Radioactive iodine (RAI) therapy is one of the cornerstones in the management of differentiated thyroid cancer (DTC) and it is the first-line systemic treatment in patients with advanced disease. However, 5-15% of patients are refractory to RAI treatment and the prognosis for these patients is poor.
There are different possible scenarios related to RAI-refractoriness: i) the metastatic tissue does not concentrate radioiodine at the time of the first I131 treatment; ii) the tumor tissue loses the ability to concentrate radioiodine after previous evidence of uptake; iii) radioiodine is concentrated in some lesions but not in others; iv) metastatic disease progresses despite significant uptake of RAI. In general, RAI resistance is addressed to the loss of the ability to absorb, concentrate and metabolize iodine, caused in most cases by the loss of functional differentiation markers as NIS and TPO and by oncogenic activation of downstream signal transducers which in turn dysregulate cell growth, survival, motility and invasion. However, the biology of the four classes of cancer described above is not fully understood.
The purpose of the present project is to identify a molecular signature associated with RAI refractory DTCs, which could be used as predictive markers to improve clinical management of advanced thyroid cancer patients, thus avoiding the administration of ineffective RAI treatment and address the clinician to alternative and new molecular targeted drugs.
Preliminary data on miRNA signatures of RAI-refractory and RAI-sensitive PTCs were obtained in a screening cohort of 26 PTCs. Data will be validated by digital PCR and correlated with genetic alterations. Genetic variants and miRNA expression levels will be integrated to understand how they can act together to alter regulation of Iodine metabolism and finally lead to RAI resistance in thyroid cancers. The identified association will be subsequently explored by in vitro studies (cell lines and organoids).

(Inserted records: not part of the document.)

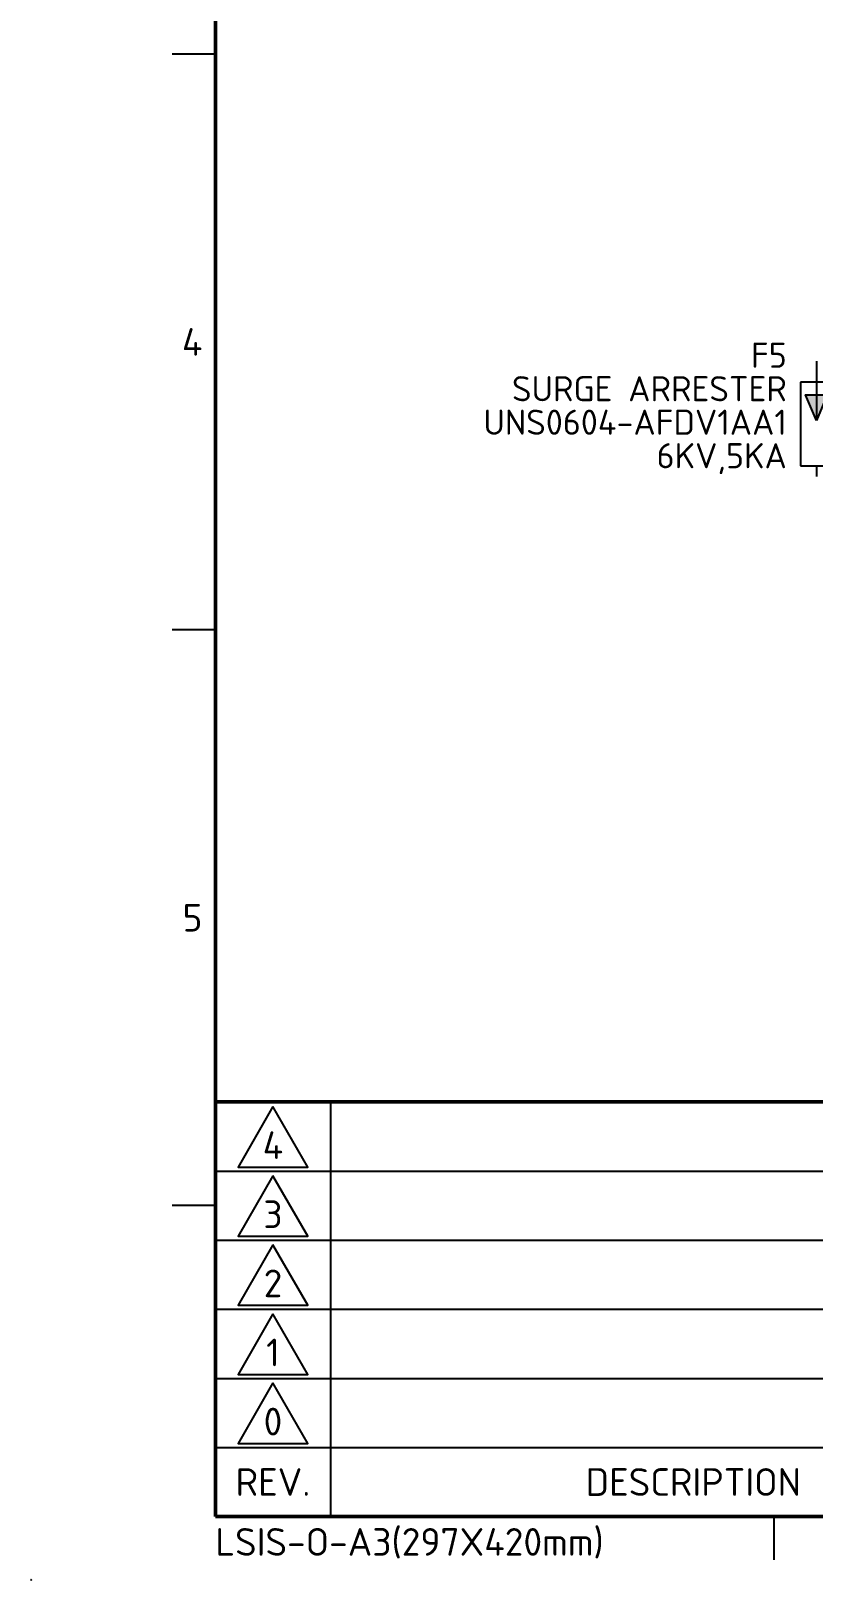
# Model space of a CAD drawing. Header units: millimetres. Extents: x 0 to 612, y 1 to 337.
# Drawn here: x 0 to 74.7, y 1.1 to 149.1 of the extents above; entities that cross this region are included whole.
import ezdxf
from ezdxf.enums import TextEntityAlignment as Align

# ---------------------------------------------------------------- set-up
doc = ezdxf.new("R2010")
doc.units = ezdxf.units.MM
for name, color, linetype in [('MISC', 7, 'Continuous'), ('Sheet Line', 3, 'Continuous'), ('Sheet Text', 2, 'Continuous'), ('SYMS', 7, 'Continuous'), ('TAGS', 7, 'Continuous')]:
    doc.layers.add(name, color=color, linetype=linetype)
doc.layers.add('Sheet Out Line', color=2, linetype='Continuous', lineweight=50)
doc.styles.add('WD', font='ISOCP2.shx')
doc.styles.add('WD_IEC', font='ISOCP2.shx', dxfattribs={"width": 1.1, "height": 2.4, "bigfont": 'whgtxt.shx'})

# ---------------------------------------------------------------- blocks, each defined once
blk = doc.blocks.new('VE11_SA1')
h = blk.add_hatch(color=7)
h.set_gradient(color1=(255, 255, 255), one_color=1, tint=1)
h.paths.add_polyline_path([(0, -5.67), (-1.04, -3.2), (1.04, -3.2)])
for p, q in [((0, 0), (0, -5.67)), ((1.5, -2), (-1.5, -2)), ((-1.5, -2), (-1.5, -10)), ((1.5, -10), (1.5, -2)), ((-1.5, -10), (1.5, -10)), ((0, -10), (0, -11))]:
    blk.add_line(p, q)
blk.add_lwpolyline([(0, -5.67), (-1.04, -3.2), (1.04, -3.2)], close=True)
at = {"style": 'WD_IEC', "width": 1.1}
for tag, p in [('TAG1', (-2.82, 0.58)), ('RATING12', (-2.82, -2.62)), ('RATING11', (-2.82, -5.82)), ('RATING1', (-2.82, -9.02))]:
    blk.add_attdef(tag, text='', height=2.4, dxfattribs=at).set_placement(p, align=Align.MIDDLE_RIGHT)
at = {"flags": 1}
for tag, p, height, style in [('X2TERM01', (0, 0), 0.08, 'WD'), ('INST', (2.18, -5.15), 1, 'WD_IEC'), ('LOC', (2.18, -6.72), 1, 'WD_IEC'), ('FAMILY', (2.13, -8.37), 1, 'WD_IEC'), ('CAT', (2.13, -9.87), 1, 'WD_IEC'), ('MFG', (2.18, -11.16), 1, 'WD_IEC'), ('X8TERM02', (0, -11), 0.08, 'WD'), ('ASSYCODE', (2.18, -12.53), 1, 'WD_IEC')]:
    blk.add_attdef(tag, p, '', height=height, dxfattribs=dict(at, style=style))
blk = doc.blocks.new('LSSA3')
blk.add_circle((0, 1), 0.01)
at = {"layer": 'Sheet Line'}
for p, q in [((16, 133.5), (12.25, 133.5)), ((16, 83.5), (12.25, 83.5)), ((26, 42.5), (26, 6.5)), ((16, 36.5), (164, 36.5)), ((16, 33.5), (12.25, 33.5)), ((16, 30.5), (164, 30.5)), ((16, 24.5), (164, 24.5)), ((16, 18.5), (164, 18.5)), ((16, 12.5), (164, 12.5)), ((64.5, 6.5), (64.5, 2.75))]:
    blk.add_line(p, q, dxfattribs=at)
for points in [[(21, 42.1), (17.97, 36.85), (24.03, 36.85)], [(21, 36.1), (17.97, 30.85), (24.03, 30.85)], [(21, 30.1), (17.97, 24.85), (24.03, 24.85)], [(21, 24.1), (17.97, 18.85), (24.03, 18.85)], [(21, 18.1), (17.97, 12.85), (24.03, 12.85)]]:
    blk.add_lwpolyline(points, close=True, dxfattribs=at)
at = {"layer": 'Sheet Out Line'}
blk.add_line((16, 42.5), (404, 42.5), dxfattribs=at)
blk.add_lwpolyline([(16, 6.5), (404, 6.5), (404, 283.5), (16, 283.5)], close=True, dxfattribs=at)
at = {"style": 'WD_IEC', "width": 1.1}
for tag, height, p in [('DESC4', 2.4, (57.5, 39.5)), ('CUSTOMERS31', 3.8, (219, 38)), ('TITLE1', 3.6, (333, 37.5)), ('CUSTOMERS21', 3.8, (219, 35.25)), ('DESC3', 2.4, (57.5, 33.5)), ('CUSTOMERS32', 3.8, (219, 32.5)), ('TITLE2', 3.6, (333, 32.5)), ('CUSTOMERS22', 3.8, (219, 29.75)), ('RN', 3.5, (398, 28.75)), ('DESC2', 2.4, (57.5, 27.5)), ('CUSTOMERS33', 3.8, (219, 27)), ('TITLE3', 3.6, (333, 27.5)), ('DESC1', 2.4, (57.5, 21.5)), ('WORKNO', 3.5, (365.5, 18.5)), ('FILE', 2.4, (314, 18.5)), ('DESC0', 2.4, (57.5, 15.5)), ('SHN', 2.4, (395, 12)), ('TSH', 2.4, (401, 9))]:
    blk.add_attdef(tag, text='', height=height, dxfattribs=at).set_placement(p, align=Align.MIDDLE_CENTER)
at = {"style": 'WD_IEC'}
for tag, p in [('DATE4', (96.5, 39.5)), ('DRWN4', (111.5, 39.5)), ('DSGN4', (126.5, 39.5)), ('CHKD4', (141.5, 39.5)), ('APPD4', (156.5, 39.5)), ('DATE3', (96.5, 33.5)), ('DRWN3', (111.5, 33.5)), ('DSGN3', (126.5, 33.5)), ('CHKD3', (141.5, 33.5)), ('APPD3', (156.5, 33.5)), ('DATE2', (96.5, 27.5)), ('DRWN2', (111.5, 27.5)), ('DSGN2', (126.5, 27.5)), ('CHKD2', (141.5, 27.5)), ('APPD2', (156.5, 27.5)), ('DATE1', (96.5, 21.5)), ('DRWN1', (111.5, 21.5)), ('DSGN1', (126.5, 21.5)), ('CHKD1', (141.5, 21.5)), ('APPD1', (156.5, 21.5)), ('DATE0', (96.5, 15.5)), ('DRWN0', (111.5, 15.5)), ('DSGN0', (126.5, 15.5)), ('CHKD0', (141.5, 15.5)), ('APPD0', (156.5, 15.5))]:
    blk.add_attdef(tag, text='', height=2.4, dxfattribs=at).set_placement(p, align=Align.MIDDLE_CENTER)
at = {"style": 'WD_IEC', "width": 1.1}
for tag, p in [('DWG1ST', (345, 10.5)), ('DWGNO', (373.49, 10.5))]:
    blk.add_attdef(tag, text='', height=3.5, dxfattribs=at).set_placement(p, align=Align.MIDDLE_LEFT)
at = {"style": 'WD_IEC', "width": 1.1, "flags": 9}
blk.add_attdef('WD_TB', (0, 0), '', height=2.4, dxfattribs=at)
at = {"layer": 'Sheet Text', "style": 'WD_IEC', "width": 1.1}
for s, p in [('4', (14.88, 108.5)), ('5', (14.88, 58.5))]:
    blk.add_text(s, height=2.4, dxfattribs=at).set_placement(p, align=Align.MIDDLE_RIGHT)
for s, p in [('4', (21, 38.75)), ('3', (21, 32.75)), ('2', (21, 26.75)), ('1', (21, 20.75)), ('0', (21, 14.75)), ('REV.', (21, 9.5)), ('DESCRIPTION', (57.5, 9.5))]:
    blk.add_text(s, height=2.4, dxfattribs=at).set_placement(p, align=Align.MIDDLE_CENTER)
blk.add_text('LSIS-O-A3(297X420mm)', height=2.4, dxfattribs=at).set_placement((16, 5.5), align=Align.TOP_LEFT)

msp = doc.modelspace()

# ---------------------------------------------------------------- block references
at = {"layer": 'SYMS', "xscale": 1.1, "yscale": 1.1, "zscale": 1.1}
msp.add_blockref('LSSA3', (0, 0), dxfattribs=at)
at = {"layer": 'SYMS', "linetype": 'Continuous'}
ref = msp.add_blockref('VE11_SA1', (75, 117.5), dxfattribs=at)
ref.add_attrib('RATING1', '6KV,5KA', dxfattribs={"layer": 'MISC', "height": 2.4, "style": 'WD_IEC', "width": 1.1}).set_placement((72.18, 108.48), align=Align.MIDDLE_RIGHT)
ref.add_attrib('RATING11', 'UNS0604-AFDV1AA1', dxfattribs={"layer": 'MISC', "height": 2.4, "style": 'WD_IEC', "width": 1.1}).set_placement((72.18, 111.68), align=Align.MIDDLE_RIGHT)
ref.add_attrib('RATING12', 'SURGE ARRESTER', dxfattribs={"layer": 'MISC', "height": 2.4, "style": 'WD_IEC', "width": 1.1}).set_placement((72.18, 114.88), align=Align.MIDDLE_RIGHT)
ref.add_attrib('TAG1', 'F5', dxfattribs={"layer": 'TAGS', "height": 2.4, "style": 'WD_IEC', "width": 1.1}).set_placement((72.18, 118.08), align=Align.MIDDLE_RIGHT)

doc.saveas('drawing.dxf')

Molecular biomarkers were identified as predictors of radiation sensitivity in some cancers. Unfortunately, no predictive biomarker is currently available for identifying the thyroid cancer patients who should benefit from RAI therapy. Identification of a molecular signature associated with RAI refractory DTCs can improve clinical management of advanced thyroid cancer patients. Early patient classification could avoid the administration of ineffective RAI treatment that may lead to severe adverse events and consider alternative local or systemic therapies.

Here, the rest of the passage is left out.